狗牙根是全球应用最广、抗旱性最强的暖季型草种之一，揭示狗牙根抗旱机制，有重要科学意义和潜在应用价值，但目前对狗牙根抗旱分子机理所知很少。环类固醇甲基转移酶1（SMT1）是植物甾醇合成途径的第一个关键酶，其基因表达下调后导致胆固醇积累，但胆固醇的植物生理作用并不清楚。前一个基金课题取得了突破性进展，初步揭示SMT1下调导致胆固醇积累，从而调节MYB59、SAMDC等系列基因表达，是狗牙根突变体表现出矮化和抗旱的原因。在此基础上，本项目拟重点围绕狗牙根MYB59开展深入研究，获得上调和下调MYB59的转基因植物，阐明MYB59及其调控的下游基因与抗旱性的关系、MYB59是否为胆固醇提高抗旱性所必需；以酵母单杂实验证明MYB59与其调控的下游基因启动子的互作关系，比较SMT1、胆固醇和MYB59调控的基因表达谱及代谢途径的异同，从而揭示SMT1负调控狗牙根抗旱性的的分子机制和胆固醇的生理功能。

Bermudagrass is one of the most widely used turfgrass species with drought tolerance. It is important to understand the mechanism of drought tolerance in bermudagrass, while little is known at molecular levels. Sterol methyltransferase 1 (SMT1) is the first key enzyme in phytosterol synthesis. Down-regulation of SMT1 gene expression leads to accumulation of cholesterol. However, the physiological role of cholesterol in plants is unknown. In our previous studies supported by NSFC, it has been revealed that dwarfism phenotype with elevated drought tolerance in a bermudagrass mutant was associated with down-regulated SMT1 expression, as a result, cholesterol was accumulated, which in turn induced expression of lots of genes including MYB59 transcription factor and S-adenosylmethionine decarboxylase gene. On the basis of the above progress, this project continues investigations on regulation of SMT1 and cholesterol on drought tolerance in bermudagrass through analysis of MYB59 function, for understanding of the physiological role of cholesterol and how SMT1 negatively regulate drought tolerance.
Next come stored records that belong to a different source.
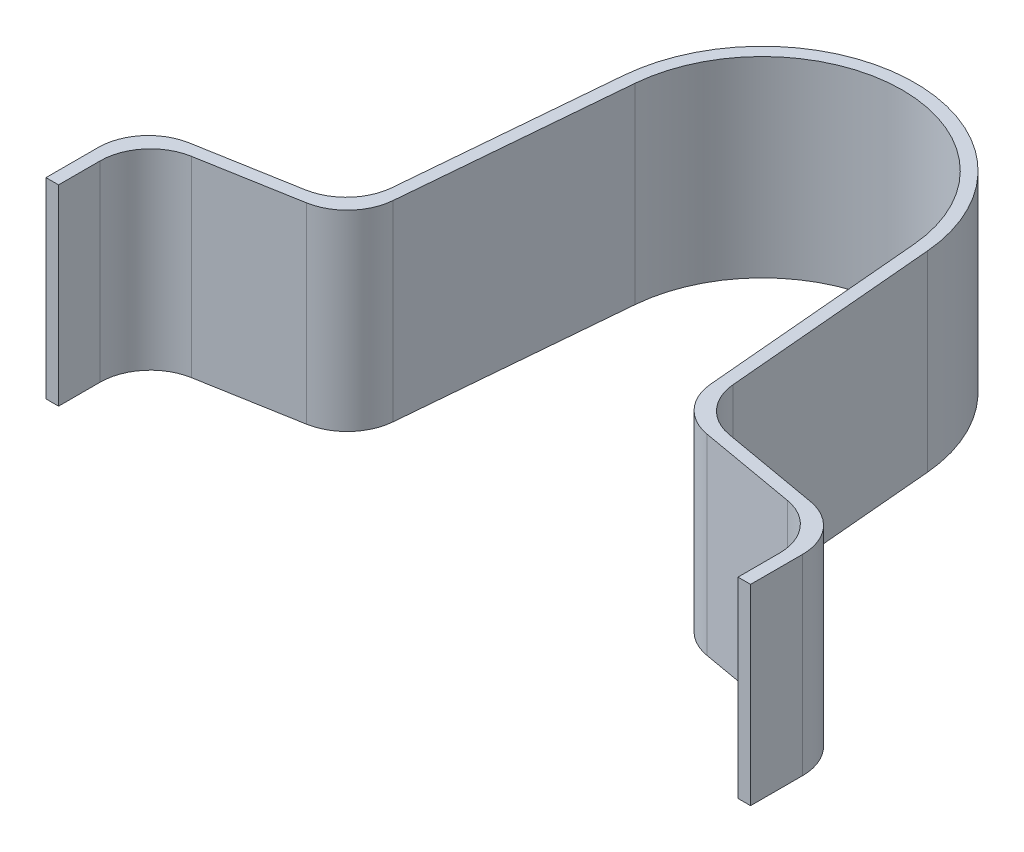
ISO-10303-21;
HEADER;
FILE_DESCRIPTION(('STEP AP214'),'2;1');
FILE_NAME('part.step','',(''),(''),'','','');
FILE_SCHEMA(('AUTOMOTIVE_DESIGN { 1 0 10303 214 1 1 1 1 }'));
ENDSEC;
DATA;
#1=APPLICATION_CONTEXT('core data for automotive mechanical design processes');
#2=APPLICATION_PROTOCOL_DEFINITION('international standard','automotive_design',2000,#1);
#3=PRODUCT_CONTEXT('',#1,'mechanical');
#4=PRODUCT('Part','Part','',(#3));
#5=PRODUCT_RELATED_PRODUCT_CATEGORY('part','',(#4));
#6=PRODUCT_DEFINITION_FORMATION('','',#4);
#7=PRODUCT_DEFINITION_CONTEXT('part definition',#1,'design');
#8=PRODUCT_DEFINITION('design','',#6,#7);
#9=PRODUCT_DEFINITION_SHAPE('','',#8);
#10=(LENGTH_UNIT() NAMED_UNIT(*) SI_UNIT(.MILLI.,.METRE.));
#11=(NAMED_UNIT(*) PLANE_ANGLE_UNIT() SI_UNIT($,.RADIAN.));
#12=(NAMED_UNIT(*) SI_UNIT($,.STERADIAN.) SOLID_ANGLE_UNIT());
#13=UNCERTAINTY_MEASURE_WITH_UNIT(LENGTH_MEASURE(1.E-05),#10,'distance_accuracy_value','');
#14=(GEOMETRIC_REPRESENTATION_CONTEXT(3) GLOBAL_UNCERTAINTY_ASSIGNED_CONTEXT((#13)) GLOBAL_UNIT_ASSIGNED_CONTEXT((#10,
#11,#12)) REPRESENTATION_CONTEXT('',''));
#15=CARTESIAN_POINT('',(0.,0.,0.));
#16=DIRECTION('',(0.,0.,1.));
#17=DIRECTION('',(1.,0.,0.));
#18=AXIS2_PLACEMENT_3D('',#15,#16,#17);
#19=CARTESIAN_POINT('',(0.,0.,0.));
#20=DIRECTION('',(0.,1.,0.));
#21=DIRECTION('',(0.,0.,1.));
#22=AXIS2_PLACEMENT_3D('',#19,#20,#21);
#23=PLANE('',#22);
#24=DIRECTION('',(0.984807753012209,0.,0.173648177666927));
#25=VECTOR('',#24,1.);
#26=CARTESIAN_POINT('',(27.6568491987389,0.,37.8889103884032));
#27=LINE('',#26,#25);
#28=CARTESIAN_POINT('',(33.7029273614535,0.,38.954997095962));
#29=VERTEX_POINT('',#28);
#30=CARTESIAN_POINT('',(49.4024437181634,0.,41.7232454137238));
#31=VERTEX_POINT('',#30);
#32=EDGE_CURVE('E432',#29,#31,#27,.T.);
#33=ORIENTED_EDGE('',*,*,#32,.T.);
#34=CARTESIAN_POINT('',(48.013258296828,0.,49.6017074378215));
#35=DIRECTION('',(0.,1.,0.));
#36=DIRECTION('',(0.,0.,1.));
#37=AXIS2_PLACEMENT_3D('',#34,#35,#36);
#38=CIRCLE('',#37,8.);
#39=CARTESIAN_POINT('',(56.013258296828,0.,49.6017074378215));
#40=VERTEX_POINT('',#39);
#41=EDGE_CURVE('E368',#31,#40,#38,.F.);
#42=ORIENTED_EDGE('',*,*,#41,.T.);
#43=DIRECTION('',(0.,0.,1.));
#44=VECTOR('',#43,1.);
#45=CARTESIAN_POINT('',(56.013258296828,0.,42.8889103884032));
#46=LINE('',#45,#44);
#47=CARTESIAN_POINT('',(56.013258296828,0.,57.8889103884032));
#48=VERTEX_POINT('',#47);
#49=EDGE_CURVE('E264',#40,#48,#46,.T.);
#50=ORIENTED_EDGE('',*,*,#49,.T.);
#51=DIRECTION('',(-1.,0.,0.));
#52=VECTOR('',#51,1.);
#53=CARTESIAN_POINT('',(56.013258296828,0.,57.8889103884032));
#54=LINE('',#53,#52);
#55=CARTESIAN_POINT('',(54.013258296828,0.,57.8889103884032));
#56=VERTEX_POINT('',#55);
#57=EDGE_CURVE('E266',#48,#56,#54,.T.);
#58=ORIENTED_EDGE('',*,*,#57,.T.);
#59=DIRECTION('',(0.,0.,-1.));
#60=VECTOR('',#59,1.);
#61=CARTESIAN_POINT('',(54.013258296828,0.,57.8889103884032));
#62=LINE('',#61,#60);
#63=CARTESIAN_POINT('',(54.013258296828,0.,51.279906700176));
#64=VERTEX_POINT('',#63);
#65=EDGE_CURVE('E246',#56,#64,#62,.T.);
#66=ORIENTED_EDGE('',*,*,#65,.T.);
#67=CARTESIAN_POINT('',(46.013258296828,0.,51.279906700176));
#68=DIRECTION('',(0.,1.,0.));
#69=DIRECTION('',(0.,0.,1.));
#70=AXIS2_PLACEMENT_3D('',#67,#68,#69);
#71=CIRCLE('',#70,8.);
#72=CARTESIAN_POINT('',(47.4024437181634,0.,43.4014446760784));
#73=VERTEX_POINT('',#72);
#74=EDGE_CURVE('E395',#64,#73,#71,.T.);
#75=ORIENTED_EDGE('',*,*,#74,.T.);
#76=DIRECTION('',(-0.984807753012209,0.,-0.173648177666927));
#77=VECTOR('',#76,1.);
#78=CARTESIAN_POINT('',(54.013258296828,0.,44.5671096507578));
#79=LINE('',#78,#77);
#80=CARTESIAN_POINT('',(31.844111465441,0.,40.6580909250968));
#81=VERTEX_POINT('',#80);
#82=EDGE_CURVE('E442',#73,#81,#79,.T.);
#83=ORIENTED_EDGE('',*,*,#82,.T.);
#84=CARTESIAN_POINT('',(33.2332968867764,0.,32.7796289009991));
#85=DIRECTION('',(0.,1.,0.));
#86=DIRECTION('',(0.,0.,1.));
#87=AXIS2_PLACEMENT_3D('',#84,#85,#86);
#88=CIRCLE('',#87,8.);
#89=CARTESIAN_POINT('',(25.2636589650312,0.,33.4759559766474));
#90=VERTEX_POINT('',#89);
#91=EDGE_CURVE('E81',#81,#90,#88,.F.);
#92=ORIENTED_EDGE('',*,*,#91,.T.);
#93=DIRECTION('',(0.0870408844560395,0.,0.996204740218149));
#94=VECTOR('',#93,1.);
#95=CARTESIAN_POINT('',(22.1695402888147,0.,-1.9370078426847));
#96=LINE('',#95,#94);
#97=CARTESIAN_POINT('',(22.1695402888147,0.,-1.93700784268471));
#98=VERTEX_POINT('',#97);
#99=EDGE_CURVE('E324',#98,#90,#96,.T.);
#100=ORIENTED_EDGE('',*,*,#99,.F.);
#101=CARTESIAN_POINT('',(0.,0.,0.));
#102=DIRECTION('',(0.,1.,0.));
#103=DIRECTION('',(0.,0.,1.));
#104=AXIS2_PLACEMENT_3D('',#101,#102,#103);
#105=CIRCLE('',#104,22.254);
#106=CARTESIAN_POINT('',(-22.1695402888147,0.,-1.93700784268471));
#107=VERTEX_POINT('',#106);
#108=EDGE_CURVE('E320',#98,#107,#105,.T.);
#109=ORIENTED_EDGE('',*,*,#108,.T.);
#110=DIRECTION('',(-0.0870408844560395,0.,0.996204740218149));
#111=VECTOR('',#110,1.);
#112=CARTESIAN_POINT('',(-22.1695402888147,0.,-1.9370078426847));
#113=LINE('',#112,#111);
#114=CARTESIAN_POINT('',(-25.2636589650312,0.,33.4759559766474));
#115=VERTEX_POINT('',#114);
#116=EDGE_CURVE('E317',#107,#115,#113,.T.);
#117=ORIENTED_EDGE('',*,*,#116,.T.);
#118=CARTESIAN_POINT('',(-33.2332968867764,0.,32.7796289009991));
#119=DIRECTION('',(0.,1.,0.));
#120=DIRECTION('',(0.,0.,1.));
#121=AXIS2_PLACEMENT_3D('',#118,#119,#120);
#122=CIRCLE('',#121,8.);
#123=CARTESIAN_POINT('',(-31.844111465441,0.,40.6580909250968));
#124=VERTEX_POINT('',#123);
#125=EDGE_CURVE('E363',#115,#124,#122,.F.);
#126=ORIENTED_EDGE('',*,*,#125,.T.);
#127=DIRECTION('',(-0.984807753012209,0.,0.173648177666927));
#128=VECTOR('',#127,1.);
#129=CARTESIAN_POINT('',(-54.0132582968279,0.,44.5671096507578));
#130=LINE('',#129,#128);
#131=CARTESIAN_POINT('',(-47.4024437181634,0.,43.4014446760784));
#132=VERTEX_POINT('',#131);
#133=EDGE_CURVE('E277',#124,#132,#130,.T.);
#134=ORIENTED_EDGE('',*,*,#133,.T.);
#135=CARTESIAN_POINT('',(-46.0132582968279,0.,51.279906700176));
#136=DIRECTION('',(0.,1.,0.));
#137=DIRECTION('',(0.,0.,1.));
#138=AXIS2_PLACEMENT_3D('',#135,#136,#137);
#139=CIRCLE('',#138,8.);
#140=CARTESIAN_POINT('',(-54.0132582968279,0.,51.279906700176));
#141=VERTEX_POINT('',#140);
#142=EDGE_CURVE('E399',#132,#141,#139,.T.);
#143=ORIENTED_EDGE('',*,*,#142,.T.);
#144=DIRECTION('',(0.,0.,1.));
#145=VECTOR('',#144,1.);
#146=CARTESIAN_POINT('',(-54.0132582968279,0.,57.8889103884032));
#147=LINE('',#146,#145);
#148=CARTESIAN_POINT('',(-54.0132582968279,0.,57.8889103884032));
#149=VERTEX_POINT('',#148);
#150=EDGE_CURVE('E275',#141,#149,#147,.T.);
#151=ORIENTED_EDGE('',*,*,#150,.T.);
#152=DIRECTION('',(-1.,0.,0.));
#153=VECTOR('',#152,1.);
#154=CARTESIAN_POINT('',(-56.0132582968279,0.,57.8889103884032));
#155=LINE('',#154,#153);
#156=CARTESIAN_POINT('',(-56.0132582968279,0.,57.8889103884032));
#157=VERTEX_POINT('',#156);
#158=EDGE_CURVE('E272',#149,#157,#155,.T.);
#159=ORIENTED_EDGE('',*,*,#158,.T.);
#160=DIRECTION('',(0.,0.,-1.));
#161=VECTOR('',#160,1.);
#162=CARTESIAN_POINT('',(-56.0132582968279,0.,42.8889103884032));
#163=LINE('',#162,#161);
#164=CARTESIAN_POINT('',(-56.0132582968279,0.,49.6017074378215));
#165=VERTEX_POINT('',#164);
#166=EDGE_CURVE('E269',#157,#165,#163,.T.);
#167=ORIENTED_EDGE('',*,*,#166,.T.);
#168=CARTESIAN_POINT('',(-48.0132582968279,0.,49.6017074378215));
#169=DIRECTION('',(0.,1.,0.));
#170=DIRECTION('',(0.,0.,1.));
#171=AXIS2_PLACEMENT_3D('',#168,#169,#170);
#172=CIRCLE('',#171,8.);
#173=CARTESIAN_POINT('',(-49.4024437181634,0.,41.7232454137238));
#174=VERTEX_POINT('',#173);
#175=EDGE_CURVE('E366',#165,#174,#172,.F.);
#176=ORIENTED_EDGE('',*,*,#175,.T.);
#177=DIRECTION('',(0.984807753012209,0.,-0.173648177666928));
#178=VECTOR('',#177,1.);
#179=CARTESIAN_POINT('',(-27.6568491987389,0.,37.8889103884032));
#180=LINE('',#179,#178);
#181=CARTESIAN_POINT('',(-33.7029273614535,0.,38.954997095962));
#182=VERTEX_POINT('',#181);
#183=EDGE_CURVE('E280',#174,#182,#180,.T.);
#184=ORIENTED_EDGE('',*,*,#183,.T.);
#185=CARTESIAN_POINT('',(-35.0921127827889,0.,31.0765350718644));
#186=DIRECTION('',(0.,1.,0.));
#187=DIRECTION('',(0.,0.,1.));
#188=AXIS2_PLACEMENT_3D('',#185,#186,#187);
#189=CIRCLE('',#188,8.);
#190=CARTESIAN_POINT('',(-27.1224748610437,0.,31.7728621475127));
#191=VERTEX_POINT('',#190);
#192=EDGE_CURVE('E12',#182,#191,#189,.T.);
#193=ORIENTED_EDGE('',*,*,#192,.T.);
#194=DIRECTION('',(-0.0870408844560396,0.,0.996204740218149));
#195=VECTOR('',#194,1.);
#196=CARTESIAN_POINT('',(-24.161949769251,0.,-2.11108961159679));
#197=LINE('',#196,#195);
#198=CARTESIAN_POINT('',(-24.161949769251,0.,-2.11108961159679));
#199=VERTEX_POINT('',#198);
#200=EDGE_CURVE('E305',#199,#191,#197,.T.);
#201=ORIENTED_EDGE('',*,*,#200,.F.);
#202=CARTESIAN_POINT('',(0.,0.,0.));
#203=DIRECTION('',(0.,1.,0.));
#204=DIRECTION('',(0.,0.,1.));
#205=AXIS2_PLACEMENT_3D('',#202,#203,#204);
#206=CIRCLE('',#205,24.254);
#207=CARTESIAN_POINT('',(24.161949769251,0.,-2.11108961159679));
#208=VERTEX_POINT('',#207);
#209=EDGE_CURVE('E326',#208,#199,#206,.T.);
#210=ORIENTED_EDGE('',*,*,#209,.F.);
#211=DIRECTION('',(0.0870408844560396,0.,0.996204740218149));
#212=VECTOR('',#211,1.);
#213=CARTESIAN_POINT('',(24.161949769251,0.,-2.11108961159679));
#214=LINE('',#213,#212);
#215=CARTESIAN_POINT('',(27.1224748610437,0.,31.7728621475127));
#216=VERTEX_POINT('',#215);
#217=EDGE_CURVE('E300',#208,#216,#214,.T.);
#218=ORIENTED_EDGE('',*,*,#217,.T.);
#219=CARTESIAN_POINT('',(35.0921127827889,0.,31.0765350718644));
#220=DIRECTION('',(0.,1.,0.));
#221=DIRECTION('',(0.,0.,1.));
#222=AXIS2_PLACEMENT_3D('',#219,#220,#221);
#223=CIRCLE('',#222,8.);
#224=EDGE_CURVE('E403',#216,#29,#223,.T.);
#225=ORIENTED_EDGE('',*,*,#224,.T.);
#226=EDGE_LOOP('',(#33,#42,#50,#58,#66,#75,#83,#92,#100,#109,#117,#126,#134,#143,#151,#159,#167,
#176,#184,#193,#201,#210,#218,#225));
#227=FACE_BOUND('',#226,.T.);
#228=ADVANCED_FACE('F66',(#227),#23,.F.);
#229=CARTESIAN_POINT('',(0.,30.48,0.));
#230=DIRECTION('',(0.,1.,0.));
#231=DIRECTION('',(0.,0.,1.));
#232=AXIS2_PLACEMENT_3D('',#229,#230,#231);
#233=PLANE('',#232);
#234=DIRECTION('',(0.,0.,-1.));
#235=VECTOR('',#234,1.);
#236=CARTESIAN_POINT('',(56.013258296828,30.48,42.8889103884032));
#237=LINE('',#236,#235);
#238=CARTESIAN_POINT('',(56.013258296828,30.48,57.8889103884032));
#239=VERTEX_POINT('',#238);
#240=CARTESIAN_POINT('',(56.013258296828,30.48,49.6017074378215));
#241=VERTEX_POINT('',#240);
#242=EDGE_CURVE('E255',#239,#241,#237,.T.);
#243=ORIENTED_EDGE('',*,*,#242,.T.);
#244=CARTESIAN_POINT('',(48.013258296828,30.48,49.6017074378215));
#245=DIRECTION('',(0.,1.,0.));
#246=DIRECTION('',(0.,0.,1.));
#247=AXIS2_PLACEMENT_3D('',#244,#245,#246);
#248=CIRCLE('',#247,8.);
#249=CARTESIAN_POINT('',(49.4024437181634,30.48,41.7232454137238));
#250=VERTEX_POINT('',#249);
#251=EDGE_CURVE('E356',#241,#250,#248,.T.);
#252=ORIENTED_EDGE('',*,*,#251,.T.);
#253=DIRECTION('',(-0.984807753012208,0.,-0.173648177666927));
#254=VECTOR('',#253,1.);
#255=CARTESIAN_POINT('',(27.6568491987389,30.48,37.8889103884032));
#256=LINE('',#255,#254);
#257=CARTESIAN_POINT('',(33.7029273614535,30.48,38.954997095962));
#258=VERTEX_POINT('',#257);
#259=EDGE_CURVE('E257',#250,#258,#256,.T.);
#260=ORIENTED_EDGE('',*,*,#259,.T.);
#261=CARTESIAN_POINT('',(35.0921127827889,30.48,31.0765350718644));
#262=DIRECTION('',(0.,1.,0.));
#263=DIRECTION('',(0.,0.,1.));
#264=AXIS2_PLACEMENT_3D('',#261,#262,#263);
#265=CIRCLE('',#264,8.);
#266=CARTESIAN_POINT('',(27.1224748610437,30.48,31.7728621475127));
#267=VERTEX_POINT('',#266);
#268=EDGE_CURVE('E401',#258,#267,#265,.F.);
#269=ORIENTED_EDGE('',*,*,#268,.T.);
#270=DIRECTION('',(0.0870408844560396,0.,0.996204740218149));
#271=VECTOR('',#270,1.);
#272=CARTESIAN_POINT('',(24.161949769251,30.48,-2.11108961159679));
#273=LINE('',#272,#271);
#274=CARTESIAN_POINT('',(24.161949769251,30.48,-2.11108961159679));
#275=VERTEX_POINT('',#274);
#276=EDGE_CURVE('E321',#275,#267,#273,.T.);
#277=ORIENTED_EDGE('',*,*,#276,.F.);
#278=CARTESIAN_POINT('',(0.,30.48,0.));
#279=DIRECTION('',(0.,1.,0.));
#280=DIRECTION('',(0.,0.,1.));
#281=AXIS2_PLACEMENT_3D('',#278,#279,#280);
#282=CIRCLE('',#281,24.254);
#283=CARTESIAN_POINT('',(-24.161949769251,30.48,-2.11108961159679));
#284=VERTEX_POINT('',#283);
#285=EDGE_CURVE('E311',#275,#284,#282,.T.);
#286=ORIENTED_EDGE('',*,*,#285,.T.);
#287=DIRECTION('',(-0.0870408844560396,0.,0.996204740218149));
#288=VECTOR('',#287,1.);
#289=CARTESIAN_POINT('',(-24.161949769251,30.48,-2.11108961159679));
#290=LINE('',#289,#288);
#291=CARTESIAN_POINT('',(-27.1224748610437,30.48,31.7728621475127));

Transgenic bermudagrass plants overexpressing and down-regulating MYB59 expression by RNAi will be generated, followed by analysis of drought tolerance, transcript profiles, and response to cholesterol in transgenic plants in comparison to the wild type. In addition, interactions of MYB59 with the promoters of its downstream gene(s) will be tested by using yeast one hybrid system and electrophoretic mobility shift assay. Transcriptome and metabolites in the above transgenic plants as compared with the wild type will also be examined in the project to reveal the processes regulated by SMT1, cholesterol, and MYB59.